They also searched the homes of Zhirayr Sefilian, the leader of the pro-Western group called the National Democratic Alliance (AZhB), and several of his associates. No new arrests were reported immediately after the raids.
“They checked and messed up everything,” Sefilian’s son Vahagn told RFE/RL’s Armenian Service. “They didn’t let us get close and see what they are doing.

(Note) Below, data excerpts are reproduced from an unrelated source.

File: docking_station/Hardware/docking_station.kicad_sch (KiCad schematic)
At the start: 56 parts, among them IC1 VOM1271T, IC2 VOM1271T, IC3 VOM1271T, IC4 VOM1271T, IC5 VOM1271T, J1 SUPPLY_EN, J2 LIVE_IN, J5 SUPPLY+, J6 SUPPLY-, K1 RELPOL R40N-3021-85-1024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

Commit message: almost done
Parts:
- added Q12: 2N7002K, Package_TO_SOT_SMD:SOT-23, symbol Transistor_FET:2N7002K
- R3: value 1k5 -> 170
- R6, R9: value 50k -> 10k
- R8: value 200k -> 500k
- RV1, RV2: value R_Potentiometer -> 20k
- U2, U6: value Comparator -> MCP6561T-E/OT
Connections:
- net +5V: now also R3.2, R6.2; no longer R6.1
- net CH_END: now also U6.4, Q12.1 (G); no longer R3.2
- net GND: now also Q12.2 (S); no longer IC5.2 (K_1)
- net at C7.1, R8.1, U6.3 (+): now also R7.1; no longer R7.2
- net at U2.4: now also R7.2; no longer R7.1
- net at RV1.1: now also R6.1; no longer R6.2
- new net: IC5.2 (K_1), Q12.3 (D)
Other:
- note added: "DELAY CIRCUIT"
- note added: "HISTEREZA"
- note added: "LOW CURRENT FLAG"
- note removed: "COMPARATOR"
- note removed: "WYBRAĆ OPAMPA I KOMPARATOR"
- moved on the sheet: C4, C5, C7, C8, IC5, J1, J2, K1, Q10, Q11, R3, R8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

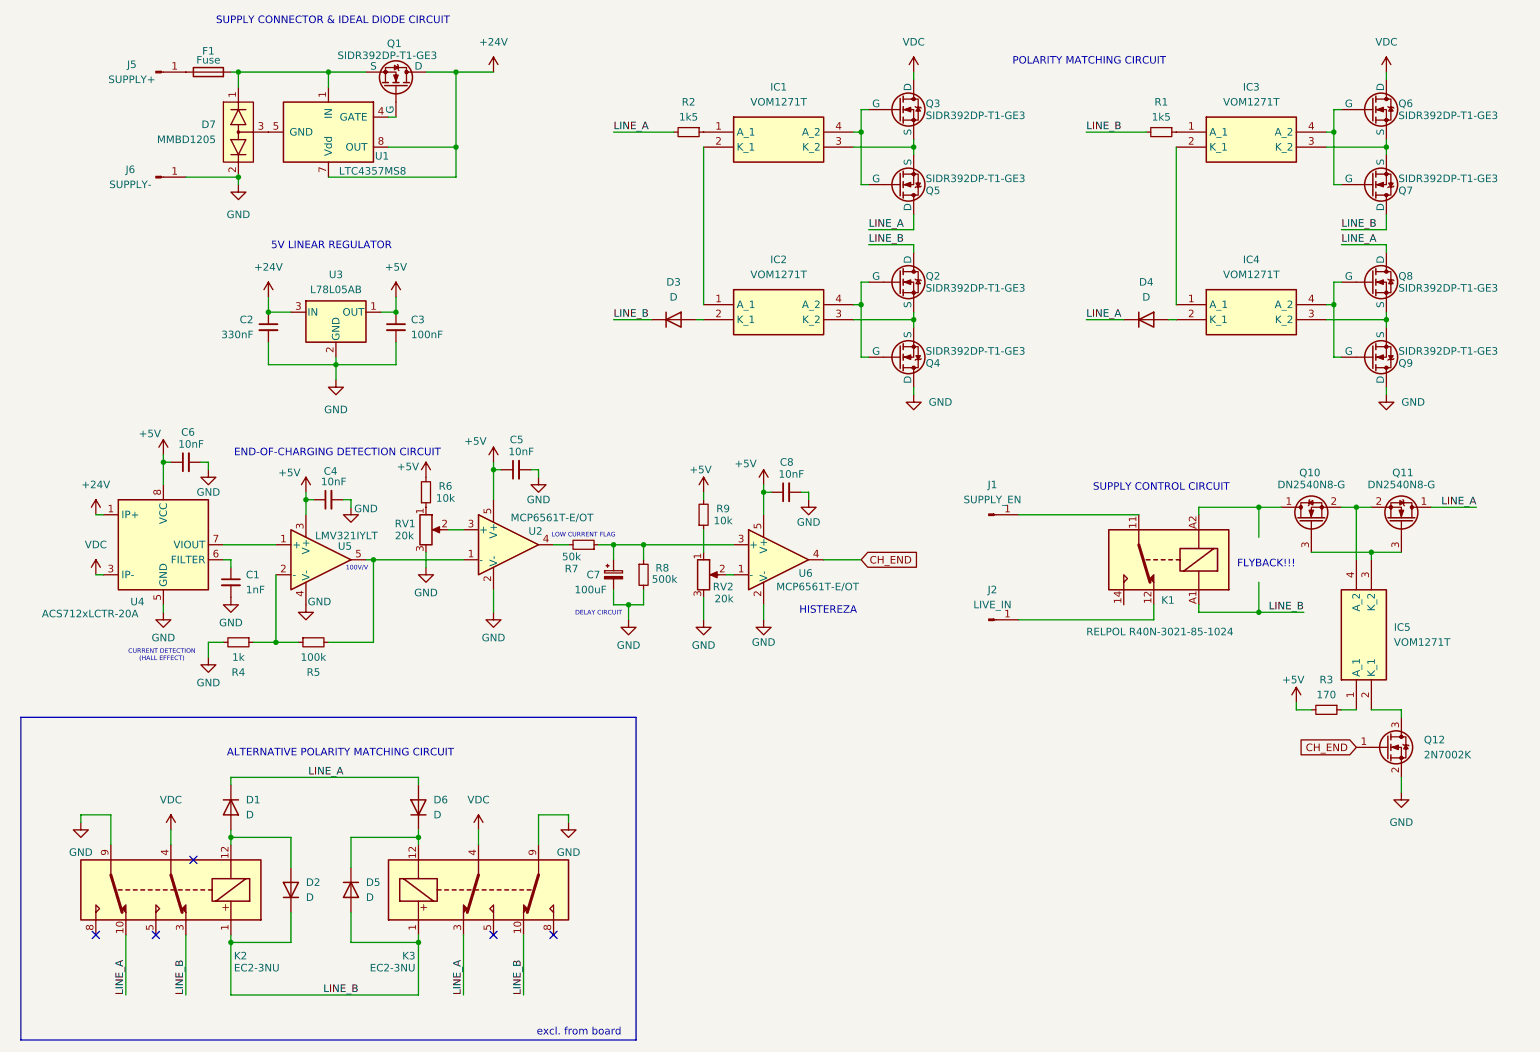
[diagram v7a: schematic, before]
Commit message: finished (v1, no flyback yet)
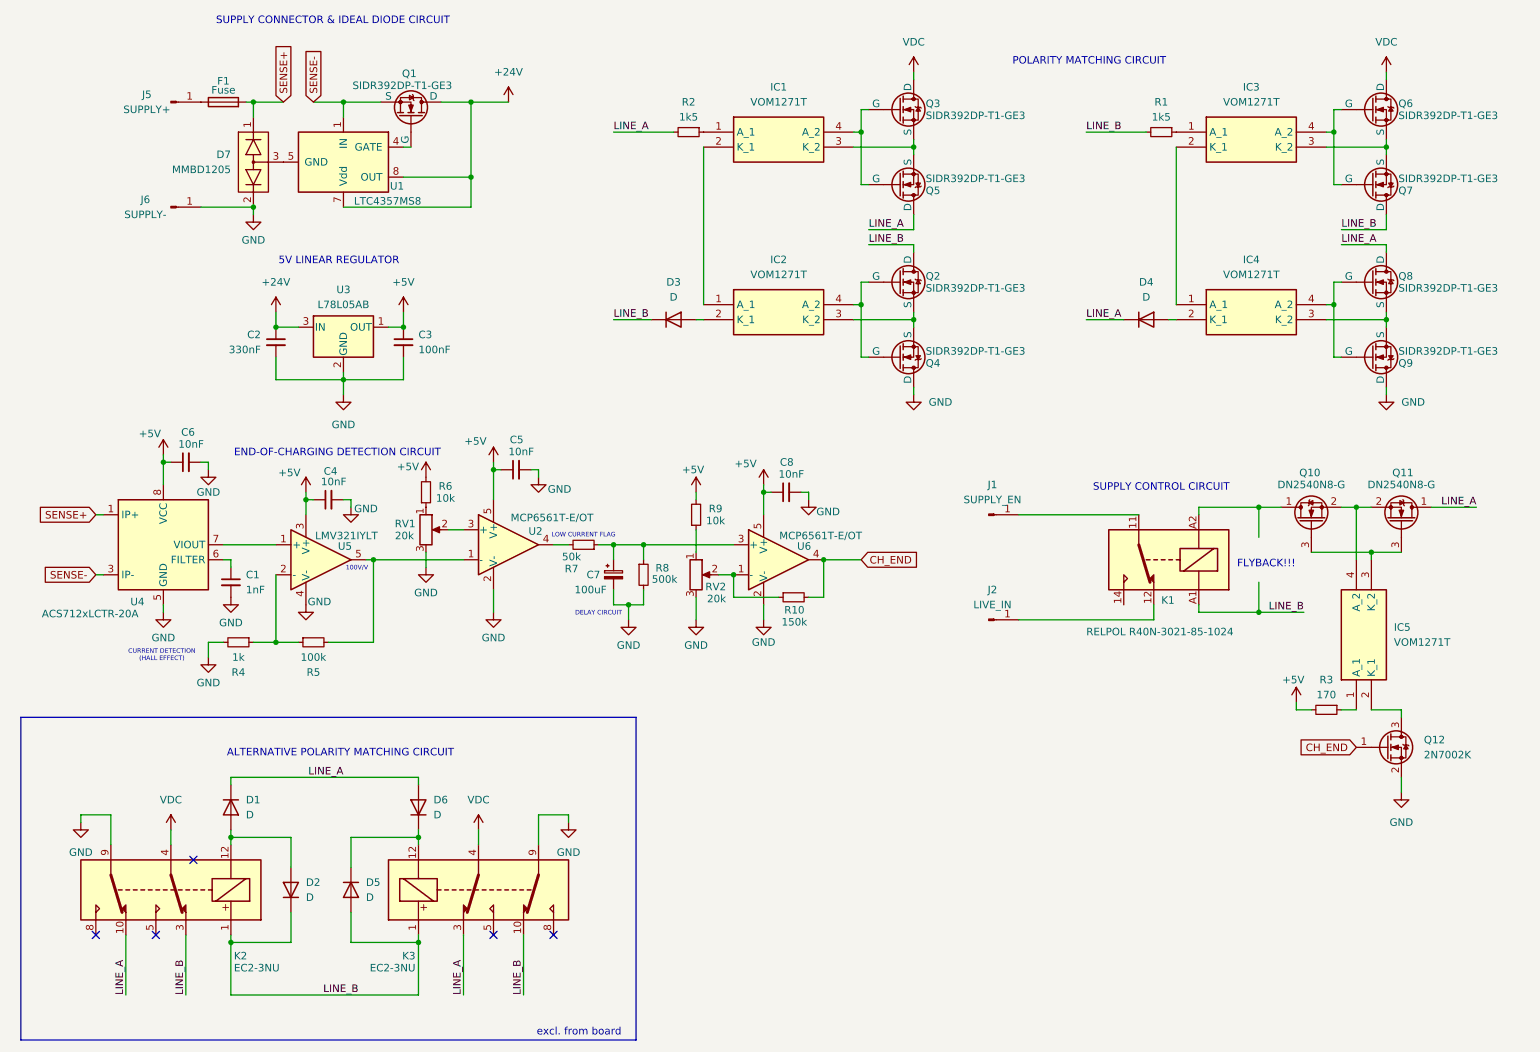
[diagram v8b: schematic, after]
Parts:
- added R10: 150k, symbol Device:R_Small
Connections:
- net +24V: no longer U4.1 (IP+), U4.2 (IP+)
- net CH_END: now also R10.2
- net VDC: no longer U4.3 (IP-), U4.4 (IP-)
- net SENSE+: now reaches D7.1, F1.2
- net SENSE+: now also U4.1 (IP+), U4.2 (IP+); no longer Q1.1 (S), U1.1 (IN)
- net at RV2.2, U6.1 (-): now also R10.1
- new net SENSE-: Q1.1 (S), U1.1 (IN), U4.3 (IP-), U4.4 (IP-)
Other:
- note removed: "HISTEREZA"
- moved on the sheet: C2, C3, D7, F1, J5, J6, Q1, R9, RV2, U1, U3

They also entered my room and looked up everything in my computer.”
Ara Papian, a senior AZhB member also targeted by the investigators, condemned the searches, saying that the authorities are trying to “demonize” his organization by unjustly implicating it in the attack.
The three attackers detonated a hand grenade at the entrance to the police headquarters of Yerevan’s Nor Nork district on March 24. Two of them were seriously wounded in the explosion while the other, Stepan Hovakimian, threatened to set off another grenade before being detained by security forces.
In a video address aired on Facebook just before the attack, Hovakimian expressed outrage at the brief detentions of several AZhB members and supporters who visited contested border areas in Armenia’s northern Tavush province which Pashinian wants to unilaterally hand over to Azerbaijan.
The AZhB leadership denied any responsibility for the attack. Still, Papian sought to justify it, saying that the three men attempted to launch an “uprising.” “They have the right to revolt,” he told reporters.
The AZhB leaders have close ties to jailed members of an armed group that stormed another Yerevan police station in 2016 to demand that then President Serzh Sarkisian step down. The three dozen gunmen, who took police officers and medical personnel hostage, laid down their weapons after a two-week standoff with security forces which left three police officers dead.
All but two of them were released from custody shortly after Sarkisian was toppled in the 2018 “velvet revolution” led by Pashinian. The seven key members of the group called Sasna Tsrer were sent back to jail in May 2022.